Initially registers were limited to an accumulator and a multiplier register. In 1953, David Wheeler, returning from a stay at the University of Illinois, designed an index register as an extension to the original EDSAC hardware.
A magnetic tape drive was added in 1952 but never worked sufficiently well to be of real use.
Until 1952, the available main memory (instructions and data) was only 512 18-bit words, and there was no backing store. The delay lines (or "tanks") were arranged in two batteries providing 512 words each. The second battery came into operation in 1952.
The full 1024-word delay line store was not available until 1955 or early 1956, limiting programs to about 800 words until then.
John Lindley (diploma student 1958–1959) mentioned "the incredible difficulty we had ever to produce a single correct piece of paper tape with the crude and unreliable home-made punching, printing and verifying gear available in the late 50s".

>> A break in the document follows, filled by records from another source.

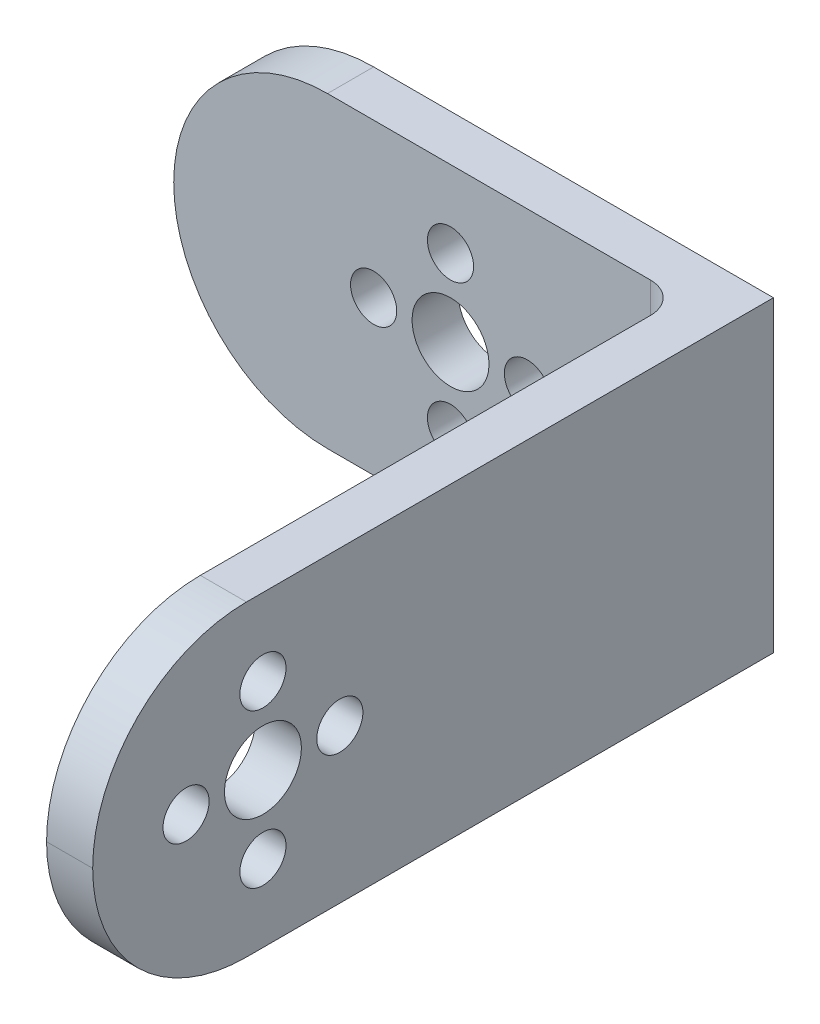
ISO-10303-21;
HEADER;
FILE_DESCRIPTION(('STEP AP214'),'2;1');
FILE_NAME('part.step','',(''),(''),'','','');
FILE_SCHEMA(('AUTOMOTIVE_DESIGN { 1 0 10303 214 1 1 1 1 }'));
ENDSEC;
DATA;
#1=APPLICATION_CONTEXT('core data for automotive mechanical design processes');
#2=APPLICATION_PROTOCOL_DEFINITION('international standard','automotive_design',2000,#1);
#3=PRODUCT_CONTEXT('',#1,'mechanical');
#4=PRODUCT('Part','Part','',(#3));
#5=PRODUCT_RELATED_PRODUCT_CATEGORY('part','',(#4));
#6=PRODUCT_DEFINITION_FORMATION('','',#4);
#7=PRODUCT_DEFINITION_CONTEXT('part definition',#1,'design');
#8=PRODUCT_DEFINITION('design','',#6,#7);
#9=PRODUCT_DEFINITION_SHAPE('','',#8);
#10=(LENGTH_UNIT() NAMED_UNIT(*) SI_UNIT(.MILLI.,.METRE.));
#11=(NAMED_UNIT(*) PLANE_ANGLE_UNIT() SI_UNIT($,.RADIAN.));
#12=(NAMED_UNIT(*) SI_UNIT($,.STERADIAN.) SOLID_ANGLE_UNIT());
#13=UNCERTAINTY_MEASURE_WITH_UNIT(LENGTH_MEASURE(1.E-05),#10,'distance_accuracy_value','');
#14=(GEOMETRIC_REPRESENTATION_CONTEXT(3) GLOBAL_UNCERTAINTY_ASSIGNED_CONTEXT((#13)) GLOBAL_UNIT_ASSIGNED_CONTEXT((#10,
#11,#12)) REPRESENTATION_CONTEXT('',''));
#15=CARTESIAN_POINT('',(0.,0.,0.));
#16=DIRECTION('',(0.,0.,1.));
#17=DIRECTION('',(1.,0.,0.));
#18=AXIS2_PLACEMENT_3D('',#15,#16,#17);
#19=CARTESIAN_POINT('',(0.,20.,41.27));
#20=DIRECTION('',(0.,1.,0.));
#21=DIRECTION('',(0.,0.,1.));
#22=AXIS2_PLACEMENT_3D('',#19,#20,#21);
#23=PLANE('',#22);
#24=DIRECTION('',(1.,0.,0.));
#25=VECTOR('',#24,1.);
#26=CARTESIAN_POINT('',(0.,20.,-3.));
#27=LINE('',#26,#25);
#28=CARTESIAN_POINT('',(10.,20.,-3.));
#29=VERTEX_POINT('',#28);
#30=CARTESIAN_POINT('',(36.,20.,-3.));
#31=VERTEX_POINT('',#30);
#32=EDGE_CURVE('E113',#29,#31,#27,.T.);
#33=ORIENTED_EDGE('',*,*,#32,.F.);
#34=DIRECTION('',(0.,0.,1.));
#35=VECTOR('',#34,1.);
#36=CARTESIAN_POINT('',(10.,20.,0.));
#37=LINE('',#36,#35);
#38=CARTESIAN_POINT('',(10.,20.,0.));
#39=VERTEX_POINT('',#38);
#40=EDGE_CURVE('E163',#29,#39,#37,.T.);
#41=ORIENTED_EDGE('',*,*,#40,.T.);
#42=DIRECTION('',(1.,0.,0.));
#43=VECTOR('',#42,1.);
#44=CARTESIAN_POINT('',(0.,20.,0.));
#45=LINE('',#44,#43);
#46=CARTESIAN_POINT('',(31.,20.,0.));
#47=VERTEX_POINT('',#46);
#48=EDGE_CURVE('E141',#39,#47,#45,.T.);
#49=ORIENTED_EDGE('',*,*,#48,.T.);
#50=CARTESIAN_POINT('',(31.,20.,2.));
#51=DIRECTION('',(0.,1.,0.));
#52=DIRECTION('',(0.,0.,1.));
#53=AXIS2_PLACEMENT_3D('',#50,#51,#52);
#54=CIRCLE('',#53,2.);
#55=CARTESIAN_POINT('',(33.,20.,2.));
#56=VERTEX_POINT('',#55);
#57=EDGE_CURVE('E159',#47,#56,#54,.F.);
#58=ORIENTED_EDGE('',*,*,#57,.T.);
#59=DIRECTION('',(0.,0.,-1.));
#60=VECTOR('',#59,1.);
#61=CARTESIAN_POINT('',(33.,20.,41.27));
#62=LINE('',#61,#60);
#63=CARTESIAN_POINT('',(33.,20.,31.27));
#64=VERTEX_POINT('',#63);
#65=EDGE_CURVE('E148',#64,#56,#62,.T.);
#66=ORIENTED_EDGE('',*,*,#65,.F.);
#67=DIRECTION('',(1.,0.,0.));
#68=VECTOR('',#67,1.);
#69=CARTESIAN_POINT('',(0.,20.,31.27));
#70=LINE('',#69,#68);
#71=CARTESIAN_POINT('',(36.,20.,31.27));
#72=VERTEX_POINT('',#71);
#73=EDGE_CURVE('E130',#64,#72,#70,.T.);
#74=ORIENTED_EDGE('',*,*,#73,.T.);
#75=DIRECTION('',(0.,0.,-1.));
#76=VECTOR('',#75,1.);
#77=CARTESIAN_POINT('',(36.,20.,41.27));
#78=LINE('',#77,#76);
#79=EDGE_CURVE('E127',#72,#31,#78,.T.);
#80=ORIENTED_EDGE('',*,*,#79,.T.);
#81=EDGE_LOOP('',(#33,#41,#49,#58,#66,#74,#80));
#82=FACE_BOUND('',#81,.T.);
#83=ADVANCED_FACE('F41',(#82),#23,.T.);
#84=CARTESIAN_POINT('',(33.,0.,41.27));
#85=DIRECTION('',(1.,0.,0.));
#86=DIRECTION('',(0.,0.,-1.));
#87=AXIS2_PLACEMENT_3D('',#84,#85,#86);
#88=PLANE('',#87);
#89=CARTESIAN_POINT('',(33.,15.,30.1978748806243));
#90=DIRECTION('',(1.,0.,0.));
#91=DIRECTION('',(0.,0.,-1.));
#92=AXIS2_PLACEMENT_3D('',#89,#90,#91);
#93=CIRCLE('',#92,1.5);
#94=CARTESIAN_POINT('',(33.,15.,28.6978748806243));
#95=VERTEX_POINT('',#94);
#96=EDGE_CURVE('E143',#95,#95,#93,.T.);
#97=ORIENTED_EDGE('',*,*,#96,.T.);
#98=EDGE_LOOP('',(#97));
#99=FACE_BOUND('',#98,.T.);
#100=CARTESIAN_POINT('',(33.,10.,30.1978748806243));
#101=DIRECTION('',(1.,0.,0.));
#102=DIRECTION('',(0.,0.,-1.));
#103=AXIS2_PLACEMENT_3D('',#100,#101,#102);
#104=CIRCLE('',#103,2.49999999999999);
#105=CARTESIAN_POINT('',(33.,10.,27.6978748806243));
#106=VERTEX_POINT('',#105);
#107=EDGE_CURVE('E383',#106,#106,#104,.T.);
#108=ORIENTED_EDGE('',*,*,#107,.T.);
#109=EDGE_LOOP('',(#108));
#110=FACE_BOUND('',#109,.T.);
#111=CARTESIAN_POINT('',(33.,10.,25.1978748806243));
#112=DIRECTION('',(1.,0.,0.));
#113=DIRECTION('',(0.,0.,-1.));
#114=AXIS2_PLACEMENT_3D('',#111,#112,#113);
#115=CIRCLE('',#114,1.5);
#116=CARTESIAN_POINT('',(33.,10.,23.6978748806243));
#117=VERTEX_POINT('',#116);
#118=EDGE_CURVE('E379',#117,#117,#115,.T.);
#119=ORIENTED_EDGE('',*,*,#118,.T.);
#120=EDGE_LOOP('',(#119));
#121=FACE_BOUND('',#120,.T.);
#122=CARTESIAN_POINT('',(33.,10.,35.1978748806243));
#123=DIRECTION('',(1.,0.,0.));
#124=DIRECTION('',(0.,0.,-1.));
#125=AXIS2_PLACEMENT_3D('',#122,#123,#124);
#126=CIRCLE('',#125,1.50000000000001);
#127=CARTESIAN_POINT('',(33.,10.,33.6978748806243));
#128=VERTEX_POINT('',#127);
#129=EDGE_CURVE('E377',#128,#128,#126,.T.);
#130=ORIENTED_EDGE('',*,*,#129,.T.);
#131=EDGE_LOOP('',(#130));
#132=FACE_BOUND('',#131,.T.);
#133=CARTESIAN_POINT('',(33.,5.,30.1978748806243));
#134=DIRECTION('',(1.,0.,0.));
#135=DIRECTION('',(0.,0.,-1.));
#136=AXIS2_PLACEMENT_3D('',#133,#134,#135);
#137=CIRCLE('',#136,1.5);
#138=CARTESIAN_POINT('',(33.,5.,28.6978748806243));
#139=VERTEX_POINT('',#138);
#140=EDGE_CURVE('E380',#139,#139,#137,.T.);
#141=ORIENTED_EDGE('',*,*,#140,.T.);
#142=EDGE_LOOP('',(#141));
#143=FACE_BOUND('',#142,.T.);
#144=CARTESIAN_POINT('',(33.,10.,31.27));
#145=DIRECTION('',(1.,0.,0.));
#146=DIRECTION('',(0.,0.,-1.));
#147=AXIS2_PLACEMENT_3D('',#144,#145,#146);
#148=CIRCLE('',#147,10.);
#149=CARTESIAN_POINT('',(33.,0.,31.27));
#150=VERTEX_POINT('',#149);
#151=CARTESIAN_POINT('',(33.,10.,41.27));
#152=VERTEX_POINT('',#151);
#153=EDGE_CURVE('E50',#150,#152,#148,.F.);
#154=ORIENTED_EDGE('',*,*,#153,.T.);
#155=CARTESIAN_POINT('',(33.,10.,31.27));
#156=DIRECTION('',(1.,0.,0.));
#157=DIRECTION('',(0.,0.,-1.));
#158=AXIS2_PLACEMENT_3D('',#155,#156,#157);
#159=CIRCLE('',#158,10.);
#160=EDGE_CURVE('E11',#152,#64,#159,.F.);
#161=ORIENTED_EDGE('',*,*,#160,.T.);
#162=ORIENTED_EDGE('',*,*,#65,.T.);
#163=DIRECTION('',(0.,-1.,0.));
#164=VECTOR('',#163,1.);
#165=CARTESIAN_POINT('',(33.,0.,2.));
#166=LINE('',#165,#164);
#167=CARTESIAN_POINT('',(33.,0.,2.));
#168=VERTEX_POINT('',#167);
#169=EDGE_CURVE('E150',#56,#168,#166,.T.);
#170=ORIENTED_EDGE('',*,*,#169,.T.);
#171=DIRECTION('',(0.,0.,-1.));
#172=VECTOR('',#171,1.);
#173=CARTESIAN_POINT('',(33.,0.,41.27));
#174=LINE('',#173,#172);
#175=EDGE_CURVE('E146',#150,#168,#174,.T.);
#176=ORIENTED_EDGE('',*,*,#175,.F.);
#177=EDGE_LOOP('',(#154,#161,#162,#170,#176));
#178=FACE_BOUND('',#177,.T.);
#179=ADVANCED_FACE('F219',(#99,#110,#121,#132,#143,#178),#88,.F.);
#180=CARTESIAN_POINT('',(0.,0.,41.27));
#181=DIRECTION('',(0.,1.,0.));
#182=DIRECTION('',(0.,0.,1.));
#183=AXIS2_PLACEMENT_3D('',#180,#181,#182);
#184=PLANE('',#183);
#185=DIRECTION('',(1.,0.,0.));
#186=VECTOR('',#185,1.);
#187=CARTESIAN_POINT('',(0.,0.,0.));
#188=LINE('',#187,#186);
#189=CARTESIAN_POINT('',(10.,0.,0.));
#190=VERTEX_POINT('',#189);
#191=CARTESIAN_POINT('',(31.,0.,0.));
#192=VERTEX_POINT('',#191);
#193=EDGE_CURVE('E124',#190,#192,#188,.T.);
#194=ORIENTED_EDGE('',*,*,#193,.F.);
#195=DIRECTION('',(0.,0.,1.));
#196=VECTOR('',#195,1.);
#197=CARTESIAN_POINT('',(10.,0.,41.27));
#198=LINE('',#197,#196);
#199=CARTESIAN_POINT('',(10.,0.,-3.));
#200=VERTEX_POINT('',#199);
#201=EDGE_CURVE('E174',#190,#200,#198,.F.);
#202=ORIENTED_EDGE('',*,*,#201,.T.);
#203=DIRECTION('',(1.,0.,0.));
#204=VECTOR('',#203,1.);
#205=CARTESIAN_POINT('',(0.,0.,-3.));
#206=LINE('',#205,#204);
#207=CARTESIAN_POINT('',(36.,0.,-3.));
#208=VERTEX_POINT('',#207);
#209=EDGE_CURVE('E132',#200,#208,#206,.T.);
#210=ORIENTED_EDGE('',*,*,#209,.T.);
#211=DIRECTION('',(0.,0.,-1.));
#212=VECTOR('',#211,1.);
#213=CARTESIAN_POINT('',(36.,0.,41.27));
#214=LINE('',#213,#212);
#215=CARTESIAN_POINT('',(36.,0.,31.27));
#216=VERTEX_POINT('',#215);
#217=EDGE_CURVE('E131',#216,#208,#214,.T.);
#218=ORIENTED_EDGE('',*,*,#217,.F.);
#219=DIRECTION('',(1.,0.,0.));
#220=VECTOR('',#219,1.);
#221=CARTESIAN_POINT('',(33.,0.,31.27));
#222=LINE('',#221,#220);
#223=EDGE_CURVE('E172',#216,#150,#222,.F.);
#224=ORIENTED_EDGE('',*,*,#223,.T.);
#225=ORIENTED_EDGE('',*,*,#175,.T.);
#226=CARTESIAN_POINT('',(31.,0.,2.));
#227=DIRECTION('',(0.,1.,0.));
#228=DIRECTION('',(0.,0.,1.));
#229=AXIS2_PLACEMENT_3D('',#226,#227,#228);
#230=CIRCLE('',#229,2.);
#231=EDGE_CURVE('E156',#168,#192,#230,.T.);
#232=ORIENTED_EDGE('',*,*,#231,.T.);
#233=EDGE_LOOP('',(#194,#202,#210,#218,#224,#225,#232));
#234=FACE_BOUND('',#233,.T.);
#235=ADVANCED_FACE('F225',(#234),#184,.F.);
#236=CARTESIAN_POINT('',(36.,0.,41.27));
#237=DIRECTION('',(-1.,0.,0.));
#238=DIRECTION('',(0.,0.,1.));
#239=AXIS2_PLACEMENT_3D('',#236,#237,#238);
#240=PLANE('',#239);
#241=CARTESIAN_POINT('',(36.,15.,30.1978748806243));
#242=DIRECTION('',(1.,0.,0.));
#243=DIRECTION('',(0.,0.,-1.));
#244=AXIS2_PLACEMENT_3D('',#241,#242,#243);
#245=CIRCLE('',#244,1.5);
#246=CARTESIAN_POINT('',(36.,15.,28.6978748806243));
#247=VERTEX_POINT('',#246);
#248=EDGE_CURVE('E386',#247,#247,#245,.T.);
#249=ORIENTED_EDGE('',*,*,#248,.F.);
#250=EDGE_LOOP('',(#249));
#251=FACE_BOUND('',#250,.T.);
#252=CARTESIAN_POINT('',(36.,10.,30.1978748806243));
#253=DIRECTION('',(1.,0.,0.));
#254=DIRECTION('',(0.,0.,-1.));
#255=AXIS2_PLACEMENT_3D('',#252,#253,#254);
#256=CIRCLE('',#255,2.49999999999999);
#257=CARTESIAN_POINT('',(36.,10.,27.6978748806243));
#258=VERTEX_POINT('',#257);
#259=EDGE_CURVE('E183',#258,#258,#256,.T.);
#260=ORIENTED_EDGE('',*,*,#259,.F.);
#261=EDGE_LOOP('',(#260));
#262=FACE_BOUND('',#261,.T.);
#263=CARTESIAN_POINT('',(36.,10.,25.1978748806243));
#264=DIRECTION('',(1.,0.,0.));
#265=DIRECTION('',(0.,0.,-1.));
#266=AXIS2_PLACEMENT_3D('',#263,#264,#265);
#267=CIRCLE('',#266,1.5);
#268=CARTESIAN_POINT('',(36.,10.,23.6978748806243));
#269=VERTEX_POINT('',#268);
#270=EDGE_CURVE('E405',#269,#269,#267,.T.);
#271=ORIENTED_EDGE('',*,*,#270,.F.);
#272=EDGE_LOOP('',(#271));
#273=FACE_BOUND('',#272,.T.);
#274=CARTESIAN_POINT('',(36.,10.,35.1978748806243));
#275=DIRECTION('',(1.,0.,0.));
#276=DIRECTION('',(0.,0.,-1.));
#277=AXIS2_PLACEMENT_3D('',#274,#275,#276);
#278=CIRCLE('',#277,1.50000000000001);
#279=CARTESIAN_POINT('',(36.,10.,33.6978748806243));
#280=VERTEX_POINT('',#279);
#281=EDGE_CURVE('E374',#280,#280,#278,.T.);
#282=ORIENTED_EDGE('',*,*,#281,.F.);
#283=EDGE_LOOP('',(#282));
#284=FACE_BOUND('',#283,.T.);
#285=CARTESIAN_POINT('',(36.,5.,30.1978748806243));
#286=DIRECTION('',(1.,0.,0.));
#287=DIRECTION('',(0.,0.,-1.));
#288=AXIS2_PLACEMENT_3D('',#285,#286,#287);
#289=CIRCLE('',#288,1.5);
#290=CARTESIAN_POINT('',(36.,5.,28.6978748806243));
#291=VERTEX_POINT('',#290);
#292=EDGE_CURVE('E404',#291,#291,#289,.T.);
#293=ORIENTED_EDGE('',*,*,#292,.F.);
#294=EDGE_LOOP('',(#293));
#295=FACE_BOUND('',#294,.T.);
#296=ORIENTED_EDGE('',*,*,#79,.F.);
#297=CARTESIAN_POINT('',(36.,10.,31.27));
#298=DIRECTION('',(-1.,0.,0.));
#299=DIRECTION('',(0.,0.,1.));
#300=AXIS2_PLACEMENT_3D('',#297,#298,#299);
#301=CIRCLE('',#300,10.);
#302=CARTESIAN_POINT('',(36.,10.,41.27));
#303=VERTEX_POINT('',#302);
#304=EDGE_CURVE('E64',#72,#303,#301,.F.);
#305=ORIENTED_EDGE('',*,*,#304,.T.);
#306=CARTESIAN_POINT('',(36.,10.,31.27));
#307=DIRECTION('',(-1.,0.,0.));
#308=DIRECTION('',(0.,0.,1.));
#309=AXIS2_PLACEMENT_3D('',#306,#307,#308);
#310=CIRCLE('',#309,10.);
#311=EDGE_CURVE('E176',#303,#216,#310,.F.);
#312=ORIENTED_EDGE('',*,*,#311,.T.);
#313=ORIENTED_EDGE('',*,*,#217,.T.);
#314=DIRECTION('',(0.,1.,0.));
#315=VECTOR('',#314,1.);
#316=CARTESIAN_POINT('',(36.,0.,-3.));
#317=LINE('',#316,#315);
#318=EDGE_CURVE('E118',#208,#31,#317,.T.);
#319=ORIENTED_EDGE('',*,*,#318,.T.);
#320=EDGE_LOOP('',(#296,#305,#312,#313,#319));
#321=FACE_BOUND('',#320,.T.);
#322=ADVANCED_FACE('F134',(#251,#262,#273,#284,#295,#321),#240,.F.);
#323=CARTESIAN_POINT('',(0.,0.,-3.));
#324=DIRECTION('',(0.,0.,-1.));
#325=DIRECTION('',(-1.,0.,0.));
#326=AXIS2_PLACEMENT_3D('',#323,#324,#325);
#327=PLANE('',#326);
#328=CARTESIAN_POINT('',(22.9999999999999,9.99999999999998,-3.));
#329=DIRECTION('',(0.,0.,-1.));
#330=DIRECTION('',(-1.,0.,0.));
#331=AXIS2_PLACEMENT_3D('',#328,#329,#330);
#332=CIRCLE('',#331,1.5);
#333=CARTESIAN_POINT('',(21.4999999999999,9.99999999999998,-3.));
#334=VERTEX_POINT('',#333);
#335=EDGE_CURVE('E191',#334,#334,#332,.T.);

Memory and instructionsEdit
The EDSAC's main memory consisted of 1024 locations, though only 512 locations were initially installed. Each contained 18 bits, but the topmost bit was always unavailable due to timing problems, so only 17 bits were used. An instruction consisted of a five-bit instruction code, one spare bit, a ten bit operand (usually a memory address), and a length bit to control whether the instruction used a 17-bit or a 35-bit operand (two consecutive words, little-endian). All instruction codes were by design represented by one mnemonic letter, so that the Add instruction, for example, used the EDSAC character code for the letter A.
Internally, the EDSAC used two's complement, binary numbers. Numbers were either 17 bits (one word) or 35 bits (two words) long. Unusually, the multiplier was designed to treat numbers as fixed-point fractions in the range −1 ≤ x < 1, i.e. the binary point was immediately to the right of the sign. The accumulator could hold 71 bits, including the sign, allowing two long (35-bit) numbers to be multiplied without losing any precision.
The instructions available were:
- AND-and-add (called "Collate")
- Shift Left
- Arithmetic shift Right
- Load multiplier register
- Store (and optionally clear) accumulator
- Conditional Goto
- Read Input tape
- Print character
- Round accumulator
There was no division instruction (but various division subroutines were supplied) and no way to directly load a number into the accumulator (a "sTore and zero accumulator" instruction followed by an "Add" instruction were necessary for this). There was no unconditional jump instruction, nor was there a procedure call instruction - it had not yet been invented.
The initial orders were hard-wired on a set of uniselector switches and loaded into the low words of memory at startup. By May 1949, the initial orders provided a primitive relocating assembler taking advantage of the mnemonic design described above, all in 31 words. This was the world's first assembler, and arguably the start of the global software industry. There is a simulation of EDSAC available and a full description of the initial orders and first programs.
The machine was used by other members of the University to solve real problems, and many early techniques were developed that are now included in operating systems. Users prepared their programs by punching them (in assembler) onto a paper tape. They soon became good at being able to hold the paper tape up to the light and read back the codes. When a program was ready it was hung on a length of line strung up near the paper tape reader. The machine operators, who were present during the day, selected the next tape from the line and loaded it into EDSAC. This is of course well known today as job queues. If it printed something then the tape and the printout were returned to the user, otherwise they were informed at which memory location it had stopped. Debuggers were some time away, but a CRT screen could be set to display the contents of a particular piece of memory. This was used to see if a number was converging, for example. A loudspeaker was connected to the accumulator's sign bit; experienced users knew healthy and unhealthy sounds of programs, particularly programs 'hung' in a loop. After office hours certain "Authorised Users" were allowed to run the machine for themselves, which went on late into the night until a valve blew – which usually happened according to one such user.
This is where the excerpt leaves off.